As far as I understood, As we are using RandomPartitioner we cannot really query based on range as keys are MD5 checksum. Whats ideal design for this kind of use case ?
my schema and requirements are as follows : (actual csh)
CREATE TABLE report(
ts timestamp,
user_id long,
svc1 long,
svc2 long,
svc3 long,
PRIMARY KEY(ts, user_id));
select from report where ts between (123445345435 and 32423423424) and user_id is in (123,567,987)
You cannot do range queries on the first component of a composite key. Instead, you should write a sentinel value such as a daystamp (the unix epoch at midnight on the current day) as the key, then write a composite column as timestamp:long. This way you can provide the keys that comprise your range, and slice on the timestamp component of the composite column.
Denormalize! You must model your schema in a manner that will enable the types of queries you wish to perform. We create a reverse (aka inverted, inverse) index for such scenarios.
CREATE TABLE report(
KEY uuid PRIMARY KEY,
svc1 bigint,
svc2 bigint,
svc3 bigint
);
CREATE TABLE ReportsByTime(
KEY ascii PRIMARY KEY
) with default_validation=uuid AND comparator=uuid;
CREATE TABLE ReportsByUser(
KEY bigint PRIMARY KEY
)with default_validation=uuid AND comparator=uuid;
See here for a nice explanation. What you are doing now is generating your own ascii key in the times table, to enable yourself to perform the range slice query you want - it doesn't have to be ascii though just something you can use to programmatically generate your own slice keys with.
You can use this approach to facilitate all of your queries, this likely isn't going to suit your application directly but the idea is the same. You can squeeze more out of this by adding meaningful values to the column keys of each table above.

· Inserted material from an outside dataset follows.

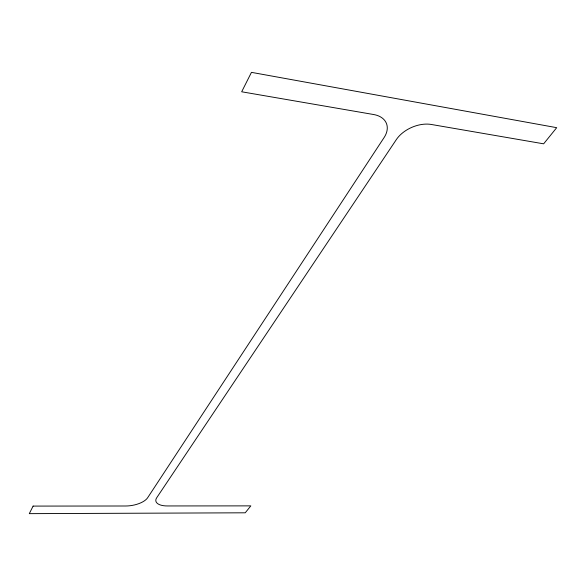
<?xml version="1.0" encoding="UTF-8"?>
<svg xmlns="http://www.w3.org/2000/svg" width="586" height="586" viewBox="0 0 586 586"><rect width="100%" height="100%" fill="white"/><g stroke="black" fill="none" stroke-linecap="round" stroke-linejoin="round"><path stroke-width="0.88" d="M33.102 506.092L29.3 513.644L245.226 512.801L250.83 505.872L167.391 505.952A17.463 7.677 -11.1 0 1 156.696 497.77L396.37 139.549A26.546 16.774 -23.7 0 1 431.296 124.466L543.64 143.826L556.7 127.675L251.453 72.356L241.674 91.782L373.648 114.526A26.985 17.807 -22 0 1 384.108 137.549L147.643 497.748A17.829 7.911 -10.1 0 1 125.719 505.996L33.102 506.092"/></g></svg>

cqlsh:tester> select * from report;
KEY | svc1 | svc2 | svc3
--------------------------------------+------+------+------
1381b530-1dd2-11b2-0000-242d50cf1fb5 | 332 | 333 | 334
13818e20-1dd2-11b2-0000-242d50cf1fb5 | 222 | 223 | 224
13816710-1dd2-11b2-0000-242d50cf1fb5 | 112 | 113 | 114
cqlsh:tester> select * from times;
KEY,1212051037 | 13818e20-1dd2-11b2-0000-242d50cf1fb5,13818e20-1dd2-11b2-0000-242d50cf1fb5 | 1381b530-1dd2-11b2-0000-242d50cf1fb5,1381b530-1dd2-11b2-0000-242d50cf1fb5
KEY,1212051035 | 13816710-1dd2-11b2-0000-242d50cf1fb5,13816710-1dd2-11b2-0000-242d50cf1fb5 | 13818e20-1dd2-11b2-0000-242d50cf1fb5,13818e20-1dd2-11b2-0000-242d50cf1fb5
KEY,1212051036 | 13818e20-1dd2-11b2-0000-242d50cf1fb5,13818e20-1dd2-11b2-0000-242d50cf1fb5
cqlsh:tester> select * from users;
KEY | 13816710-1dd2-11b2-0000-242d50cf1fb5 | 13818e20-1dd2-11b2-0000-242d50cf1fb5
-------------+--------------------------------------+--------------------------------------
23123123231 | 13816710-1dd2-11b2-0000-242d50cf1fb5 | 13818e20-1dd2-11b2-0000-242d50cf1fb5
Why don't you use wide rows, where Key is timestamp and Column Name as Long-Value then you can pass multiple key's (timestamp's) to getKeySlice and select multiple column's to withColumnSlice by there name (which is id).
As I don't know what is column name and value, I feel this can help you. Can you provide more details of your column family definition.